TASK DATA section start
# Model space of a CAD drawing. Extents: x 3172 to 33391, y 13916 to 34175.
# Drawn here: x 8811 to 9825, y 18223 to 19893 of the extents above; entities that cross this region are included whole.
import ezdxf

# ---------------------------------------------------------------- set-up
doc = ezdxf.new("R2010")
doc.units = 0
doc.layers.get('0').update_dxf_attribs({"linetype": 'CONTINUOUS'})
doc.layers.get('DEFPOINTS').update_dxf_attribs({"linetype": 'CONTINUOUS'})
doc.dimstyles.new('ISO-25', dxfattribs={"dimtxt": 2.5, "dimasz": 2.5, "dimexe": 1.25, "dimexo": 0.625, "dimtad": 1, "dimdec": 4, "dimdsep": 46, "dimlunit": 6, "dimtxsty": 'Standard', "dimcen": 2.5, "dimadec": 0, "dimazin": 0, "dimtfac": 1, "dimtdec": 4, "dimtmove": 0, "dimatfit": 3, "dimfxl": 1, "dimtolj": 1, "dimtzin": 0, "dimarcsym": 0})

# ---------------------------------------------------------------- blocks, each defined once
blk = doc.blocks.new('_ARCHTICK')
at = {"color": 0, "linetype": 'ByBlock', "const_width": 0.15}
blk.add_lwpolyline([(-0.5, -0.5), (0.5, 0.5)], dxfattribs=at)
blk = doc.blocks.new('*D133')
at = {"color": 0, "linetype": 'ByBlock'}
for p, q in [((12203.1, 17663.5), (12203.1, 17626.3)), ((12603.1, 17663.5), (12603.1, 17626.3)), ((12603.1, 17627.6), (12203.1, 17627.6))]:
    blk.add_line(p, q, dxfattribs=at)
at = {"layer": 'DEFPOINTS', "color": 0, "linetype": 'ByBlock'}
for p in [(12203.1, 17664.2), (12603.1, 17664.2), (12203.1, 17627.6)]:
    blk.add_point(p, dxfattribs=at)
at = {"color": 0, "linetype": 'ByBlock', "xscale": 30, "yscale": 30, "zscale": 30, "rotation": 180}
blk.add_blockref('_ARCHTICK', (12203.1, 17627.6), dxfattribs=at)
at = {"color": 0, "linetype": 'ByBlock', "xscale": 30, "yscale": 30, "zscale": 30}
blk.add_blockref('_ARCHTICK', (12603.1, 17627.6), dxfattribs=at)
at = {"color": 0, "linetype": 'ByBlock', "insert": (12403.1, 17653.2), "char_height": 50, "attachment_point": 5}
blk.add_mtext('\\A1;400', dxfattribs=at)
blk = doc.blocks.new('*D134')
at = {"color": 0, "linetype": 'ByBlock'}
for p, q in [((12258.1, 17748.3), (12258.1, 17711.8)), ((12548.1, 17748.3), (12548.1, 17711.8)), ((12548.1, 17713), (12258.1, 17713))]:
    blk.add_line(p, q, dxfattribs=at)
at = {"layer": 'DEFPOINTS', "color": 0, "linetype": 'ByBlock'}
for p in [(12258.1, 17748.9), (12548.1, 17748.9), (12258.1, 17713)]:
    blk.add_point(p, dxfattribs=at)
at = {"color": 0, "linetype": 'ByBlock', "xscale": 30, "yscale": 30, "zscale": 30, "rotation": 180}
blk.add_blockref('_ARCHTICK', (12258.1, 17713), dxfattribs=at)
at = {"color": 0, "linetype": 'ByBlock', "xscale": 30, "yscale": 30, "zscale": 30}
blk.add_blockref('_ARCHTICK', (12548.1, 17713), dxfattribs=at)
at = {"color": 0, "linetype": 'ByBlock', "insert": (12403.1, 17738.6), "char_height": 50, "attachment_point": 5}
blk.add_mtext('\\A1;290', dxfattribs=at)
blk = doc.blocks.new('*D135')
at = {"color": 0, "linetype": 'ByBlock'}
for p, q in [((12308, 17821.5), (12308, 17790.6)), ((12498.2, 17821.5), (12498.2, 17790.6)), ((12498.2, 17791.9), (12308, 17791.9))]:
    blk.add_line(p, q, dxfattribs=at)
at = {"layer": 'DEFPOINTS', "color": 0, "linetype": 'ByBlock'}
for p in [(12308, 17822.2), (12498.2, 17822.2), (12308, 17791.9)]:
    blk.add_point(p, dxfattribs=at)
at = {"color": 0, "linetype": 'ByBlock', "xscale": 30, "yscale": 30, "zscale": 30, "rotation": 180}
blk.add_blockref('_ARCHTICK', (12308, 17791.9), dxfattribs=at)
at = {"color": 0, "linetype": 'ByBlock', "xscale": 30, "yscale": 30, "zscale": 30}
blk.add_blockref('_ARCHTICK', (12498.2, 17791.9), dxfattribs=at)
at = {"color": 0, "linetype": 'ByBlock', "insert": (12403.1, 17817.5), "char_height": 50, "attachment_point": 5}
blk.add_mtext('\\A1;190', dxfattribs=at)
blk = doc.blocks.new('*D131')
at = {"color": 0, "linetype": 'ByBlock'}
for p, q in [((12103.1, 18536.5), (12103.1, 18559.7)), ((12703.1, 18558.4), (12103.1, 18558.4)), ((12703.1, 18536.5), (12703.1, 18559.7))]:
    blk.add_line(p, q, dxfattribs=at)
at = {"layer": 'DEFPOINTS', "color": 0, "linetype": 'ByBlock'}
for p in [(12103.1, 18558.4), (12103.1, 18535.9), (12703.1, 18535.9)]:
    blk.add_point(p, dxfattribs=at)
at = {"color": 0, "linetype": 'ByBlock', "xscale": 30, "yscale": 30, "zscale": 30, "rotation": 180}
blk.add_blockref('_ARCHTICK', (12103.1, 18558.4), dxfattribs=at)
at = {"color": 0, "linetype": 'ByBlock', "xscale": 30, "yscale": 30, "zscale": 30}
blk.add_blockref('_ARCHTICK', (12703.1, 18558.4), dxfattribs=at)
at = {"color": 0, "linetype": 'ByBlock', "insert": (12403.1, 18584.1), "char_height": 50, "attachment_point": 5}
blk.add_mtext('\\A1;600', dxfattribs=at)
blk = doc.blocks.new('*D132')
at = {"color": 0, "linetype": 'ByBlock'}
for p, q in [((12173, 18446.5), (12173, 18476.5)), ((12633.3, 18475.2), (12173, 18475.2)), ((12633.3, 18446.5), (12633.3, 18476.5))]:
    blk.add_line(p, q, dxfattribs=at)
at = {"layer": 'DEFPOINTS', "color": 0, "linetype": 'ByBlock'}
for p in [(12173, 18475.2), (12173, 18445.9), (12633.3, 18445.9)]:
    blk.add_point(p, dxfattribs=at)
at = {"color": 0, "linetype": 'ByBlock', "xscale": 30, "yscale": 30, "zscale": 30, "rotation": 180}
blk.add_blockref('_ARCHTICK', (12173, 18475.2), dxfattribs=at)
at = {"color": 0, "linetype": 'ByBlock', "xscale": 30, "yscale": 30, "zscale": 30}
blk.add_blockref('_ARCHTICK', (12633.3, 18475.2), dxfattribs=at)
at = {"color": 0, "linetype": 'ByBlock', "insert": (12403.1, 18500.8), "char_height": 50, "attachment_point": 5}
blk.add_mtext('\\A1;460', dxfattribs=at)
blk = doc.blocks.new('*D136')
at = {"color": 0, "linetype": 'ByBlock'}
TASK DATA section end
■ **TASK ITEM**:
Copy out each record from above, exactly.

■ **TASK OUTPUT**:
# Model space of a CAD drawing. Extents: x 3172 to 33391, y 13916 to 34175.
# Drawn here: x 8811 to 9825, y 18223 to 19893 of the extents above; entities that cross this region are included whole.
import ezdxf

# ---------------------------------------------------------------- set-up
doc = ezdxf.new("R2010")
doc.units = 0
doc.layers.get('0').update_dxf_attribs({"linetype": 'CONTINUOUS'})
doc.layers.get('DEFPOINTS').update_dxf_attribs({"linetype": 'CONTINUOUS'})
doc.dimstyles.new('ISO-25', dxfattribs={"dimtxt": 2.5, "dimasz": 2.5, "dimexe": 1.25, "dimexo": 0.625, "dimtad": 1, "dimdec": 4, "dimdsep": 46, "dimlunit": 6, "dimtxsty": 'Standard', "dimcen": 2.5, "dimadec": 0, "dimazin": 0, "dimtfac": 1, "dimtdec": 4, "dimtmove": 0, "dimatfit": 3, "dimfxl": 1, "dimtolj": 1, "dimtzin": 0, "dimarcsym": 0})

# ---------------------------------------------------------------- blocks, each defined once
blk = doc.blocks.new('_ARCHTICK')
at = {"color": 0, "linetype": 'ByBlock', "const_width": 0.15}
blk.add_lwpolyline([(-0.5, -0.5), (0.5, 0.5)], dxfattribs=at)
blk = doc.blocks.new('*D133')
at = {"color": 0, "linetype": 'ByBlock'}
for p, q in [((12203.1, 17663.5), (12203.1, 17626.3)), ((12603.1, 17663.5), (12603.1, 17626.3)), ((12603.1, 17627.6), (12203.1, 17627.6))]:
    blk.add_line(p, q, dxfattribs=at)
at = {"layer": 'DEFPOINTS', "color": 0, "linetype": 'ByBlock'}
for p in [(12203.1, 17664.2), (12603.1, 17664.2), (12203.1, 17627.6)]:
    blk.add_point(p, dxfattribs=at)
at = {"color": 0, "linetype": 'ByBlock', "xscale": 30, "yscale": 30, "zscale": 30, "rotation": 180}
blk.add_blockref('_ARCHTICK', (12203.1, 17627.6), dxfattribs=at)
at = {"color": 0, "linetype": 'ByBlock', "xscale": 30, "yscale": 30, "zscale": 30}
blk.add_blockref('_ARCHTICK', (12603.1, 17627.6), dxfattribs=at)
at = {"color": 0, "linetype": 'ByBlock', "insert": (12403.1, 17653.2), "char_height": 50, "attachment_point": 5}
blk.add_mtext('\\A1;400', dxfattribs=at)
blk = doc.blocks.new('*D134')
at = {"color": 0, "linetype": 'ByBlock'}
for p, q in [((12258.1, 17748.3), (12258.1, 17711.8)), ((12548.1, 17748.3), (12548.1, 17711.8)), ((12548.1, 17713), (12258.1, 17713))]:
    blk.add_line(p, q, dxfattribs=at)
at = {"layer": 'DEFPOINTS', "color": 0, "linetype": 'ByBlock'}
for p in [(12258.1, 17748.9), (12548.1, 17748.9), (12258.1, 17713)]:
    blk.add_point(p, dxfattribs=at)
at = {"color": 0, "linetype": 'ByBlock', "xscale": 30, "yscale": 30, "zscale": 30, "rotation": 180}
blk.add_blockref('_ARCHTICK', (12258.1, 17713), dxfattribs=at)
at = {"color": 0, "linetype": 'ByBlock', "xscale": 30, "yscale": 30, "zscale": 30}
blk.add_blockref('_ARCHTICK', (12548.1, 17713), dxfattribs=at)
at = {"color": 0, "linetype": 'ByBlock', "insert": (12403.1, 17738.6), "char_height": 50, "attachment_point": 5}
blk.add_mtext('\\A1;290', dxfattribs=at)
blk = doc.blocks.new('*D135')
at = {"color": 0, "linetype": 'ByBlock'}
for p, q in [((12308, 17821.5), (12308, 17790.6)), ((12498.2, 17821.5), (12498.2, 17790.6)), ((12498.2, 17791.9), (12308, 17791.9))]:
    blk.add_line(p, q, dxfattribs=at)
at = {"layer": 'DEFPOINTS', "color": 0, "linetype": 'ByBlock'}
for p in [(12308, 17822.2), (12498.2, 17822.2), (12308, 17791.9)]:
    blk.add_point(p, dxfattribs=at)
at = {"color": 0, "linetype": 'ByBlock', "xscale": 30, "yscale": 30, "zscale": 30, "rotation": 180}
blk.add_blockref('_ARCHTICK', (12308, 17791.9), dxfattribs=at)
at = {"color": 0, "linetype": 'ByBlock', "xscale": 30, "yscale": 30, "zscale": 30}
blk.add_blockref('_ARCHTICK', (12498.2, 17791.9), dxfattribs=at)
at = {"color": 0, "linetype": 'ByBlock', "insert": (12403.1, 17817.5), "char_height": 50, "attachment_point": 5}
blk.add_mtext('\\A1;190', dxfattribs=at)
blk = doc.blocks.new('*D131')
at = {"color": 0, "linetype": 'ByBlock'}
for p, q in [((12103.1, 18536.5), (12103.1, 18559.7)), ((12703.1, 18558.4), (12103.1, 18558.4)), ((12703.1, 18536.5), (12703.1, 18559.7))]:
    blk.add_line(p, q, dxfattribs=at)
at = {"layer": 'DEFPOINTS', "color": 0, "linetype": 'ByBlock'}
for p in [(12103.1, 18558.4), (12103.1, 18535.9), (12703.1, 18535.9)]:
    blk.add_point(p, dxfattribs=at)
at = {"color": 0, "linetype": 'ByBlock', "xscale": 30, "yscale": 30, "zscale": 30, "rotation": 180}
blk.add_blockref('_ARCHTICK', (12103.1, 18558.4), dxfattribs=at)
at = {"color": 0, "linetype": 'ByBlock', "xscale": 30, "yscale": 30, "zscale": 30}
blk.add_blockref('_ARCHTICK', (12703.1, 18558.4), dxfattribs=at)
at = {"color": 0, "linetype": 'ByBlock', "insert": (12403.1, 18584.1), "char_height": 50, "attachment_point": 5}
blk.add_mtext('\\A1;600', dxfattribs=at)
blk = doc.blocks.new('*D132')
at = {"color": 0, "linetype": 'ByBlock'}
for p, q in [((12173, 18446.5), (12173, 18476.5)), ((12633.3, 18475.2), (12173, 18475.2)), ((12633.3, 18446.5), (12633.3, 18476.5))]:
    blk.add_line(p, q, dxfattribs=at)
at = {"layer": 'DEFPOINTS', "color": 0, "linetype": 'ByBlock'}
for p in [(12173, 18475.2), (12173, 18445.9), (12633.3, 18445.9)]:
    blk.add_point(p, dxfattribs=at)
at = {"color": 0, "linetype": 'ByBlock', "xscale": 30, "yscale": 30, "zscale": 30, "rotation": 180}
blk.add_blockref('_ARCHTICK', (12173, 18475.2), dxfattribs=at)
at = {"color": 0, "linetype": 'ByBlock', "xscale": 30, "yscale": 30, "zscale": 30}
blk.add_blockref('_ARCHTICK', (12633.3, 18475.2), dxfattribs=at)
at = {"color": 0, "linetype": 'ByBlock', "insert": (12403.1, 18500.8), "char_height": 50, "attachment_point": 5}
blk.add_mtext('\\A1;460', dxfattribs=at)
blk = doc.blocks.new('*D136')
at = {"color": 0, "linetype": 'ByBlock'}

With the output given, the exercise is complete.